BRIEF. When a line in the entries below contains "name", tally it; give the tally with nothing added.

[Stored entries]
= = = =
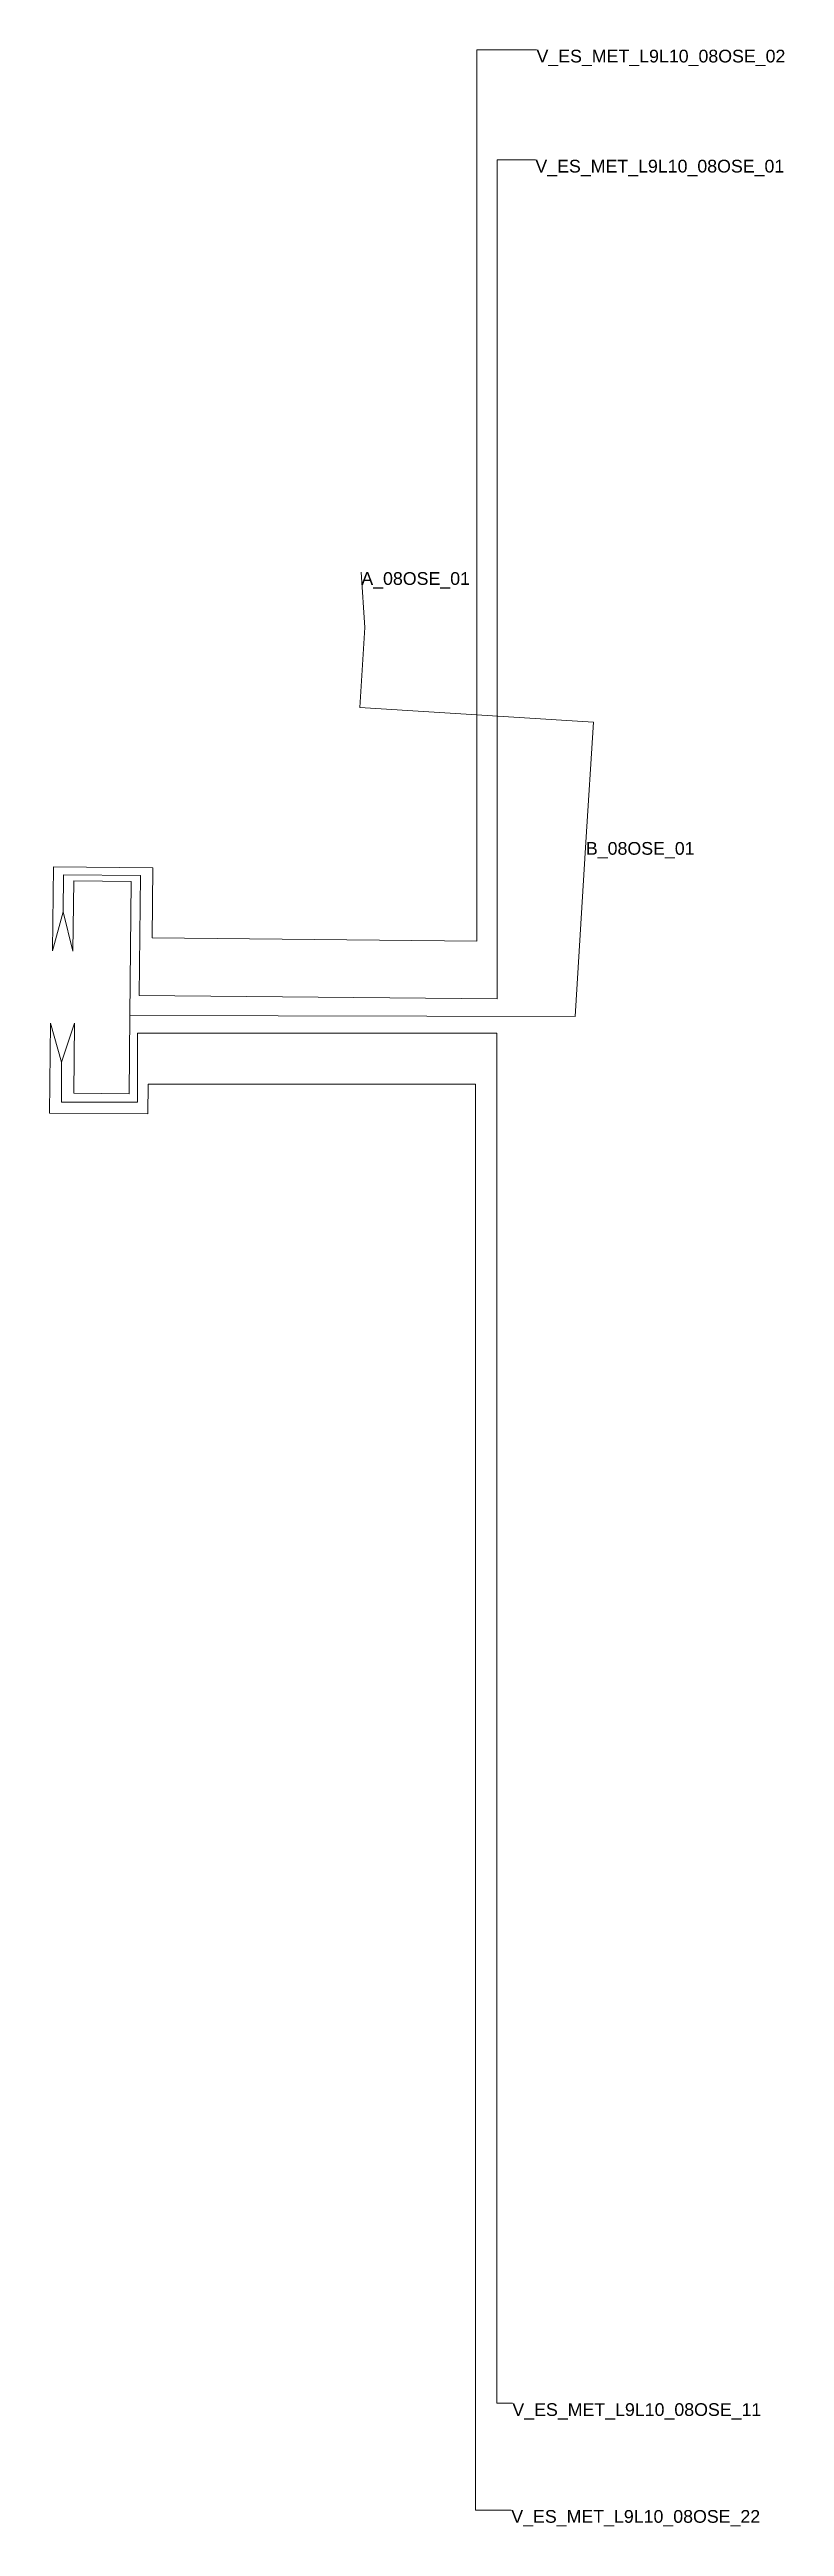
# Model space of a CAD drawing. Header units: metres. Extents: x 432604.2 to 432633.1, y 4586709 to 4586806.3.
import ezdxf
from ezdxf.enums import TextEntityAlignment as Align

# ---------------------------------------------------------------- set-up
doc = ezdxf.new("R2010")
doc.units = ezdxf.units.M
doc.header["$MEASUREMENT"] = 0
for name, color, linetype, lineweight, true_color in [('01_A_AccesTren_t', 40, 'Continuous', 0, 0xffd600), ('01_C_AccesExt_t', 251, 'Continuous', 0, 0x646464), ('01_I_Ascensor_l', 251, 'Continuous', 0, 0x646464), ('01_I_BarreraTarifaria_t', 251, 'Continuous', 0, 0x646464), ('01_I_Horitzontal_l', 251, 'Continuous', 0, 0x646464)]:
    doc.layers.add(name, color=color, linetype=linetype, lineweight=lineweight, true_color=true_color)
doc.styles.add('Style-Arial', font='arial.ttf')

msp = doc.modelspace()

# ---------------------------------------------------------------- linework, layer by layer
at = {"layer": '01_I_Ascensor_l'}
msp.add_line((432616.556787, 4586783.568306, -30), (432616.414803, 4586785.741311), dxfattribs=at)
at = {"layer": '01_I_Ascensor_l', "extrusion": (-0.9122259378479377, 0.4095041500128126, 0.0122551801183895), "elevation": 1483667.758724, "flags": 128}
msp.add_lwpolyline([(-4361652.149481, -18273.987951), (-4361653.714956, -18293.989453), (-4361652.470867, -18213.983444)], dxfattribs=at)
at = {"layer": '01_I_Ascensor_l', "extrusion": (-0.8972455912124276, -0.4413065596182132, 0.0141021093385971), "elevation": -2412324.290007, "flags": 128}
msp.add_lwpolyline([(-3924936.61947, 33932.235109), (-3924935.045403, 33912.23312), (-3924936.19263, 33992.241076)], dxfattribs=at)
at = {"layer": '01_I_Horitzontal_l', "flags": 128}
for points, elevation in [([(432604.277091, 4586770.864271), (432604.308332, 4586774.164857), (432608.222149, 4586774.127812), (432608.196056, 4586771.371115), (432620.959293, 4586771.250307), (432620.959293, 4586806.264291), (432623.302288, 4586806.264291)], -90), ([(432604.694585, 4586772.392832), (432604.708388, 4586773.851177), (432607.732182, 4586773.822556), (432607.687574, 4586769.10975), (432621.75771, 4586768.976571), (432621.75771, 4586801.941285), (432623.257736, 4586801.941285)], -110), ([(432616.556787, 4586783.568306), (432616.361241, 4586780.420079), (432625.53696, 4586779.850149), (432625.244385, 4586775.13977)], -30), ([(432625.244385, 4586775.13977), (432624.818963, 4586768.290599), (432607.313036, 4586768.32996)], -30), ([(432607.313036, 4586768.32996), (432607.365978, 4586773.588099), (432605.107315, 4586773.610841), (432605.07958, 4586770.856312)], -30), ([(432604.190036, 4586768.028826), (432604.156564, 4586764.492591), (432608.027216, 4586764.455954), (432608.038321, 4586765.629157), (432620.906087, 4586765.629157), (432620.906087, 4586709.612145), (432622.311142, 4586709.612145)], -90), ([(432607.313036, 4586768.32996), (432607.281992, 4586765.246717), (432605.11006, 4586765.268586), (432605.137756, 4586768.019283)], -30), ([(432604.631639, 4586766.491869), (432604.631639, 4586764.921961), (432607.620411, 4586764.921961), (432607.620411, 4586767.626721), (432621.744184, 4586767.626721), (432621.744184, 4586713.809151), (432622.354181, 4586713.809151)], -110)]:
    msp.add_lwpolyline(points, dxfattribs=dict(at, elevation=elevation))

# ---------------------------------------------------------------- texts
at = {"layer": '01_A_AccesTren_t', "style": 'Style-Arial'}
for s, p in [('V_ES_MET_L9L10_08OSE_02', (432623.302288, 4586806.264291, -90)), ('V_ES_MET_L9L10_08OSE_01', (432623.257736, 4586801.941285, -110)), ('V_ES_MET_L9L10_08OSE_11', (432622.354181, 4586713.809151, -110)), ('V_ES_MET_L9L10_08OSE_22', (432622.311142, 4586709.612145, -90))]:
    msp.add_text(s, height=0.5, dxfattribs=at).set_placement(p, align=Align.TOP_LEFT)
at = {"layer": '01_C_AccesExt_t', "style": 'Style-Arial'}
msp.add_text('A_08OSE_01', height=0.5, dxfattribs=at).set_placement((432616.414803, 4586785.741311), align=Align.TOP_LEFT)
at = {"layer": '01_I_BarreraTarifaria_t', "style": 'Style-Arial'}
msp.add_text('B_08OSE_01', height=0.5, dxfattribs=at).set_placement((432625.244385, 4586775.13977, -30), align=Align.TOP_LEFT)

doc.saveas('drawing.dxf')
= = = =
EXERCISE OUTPUT. 2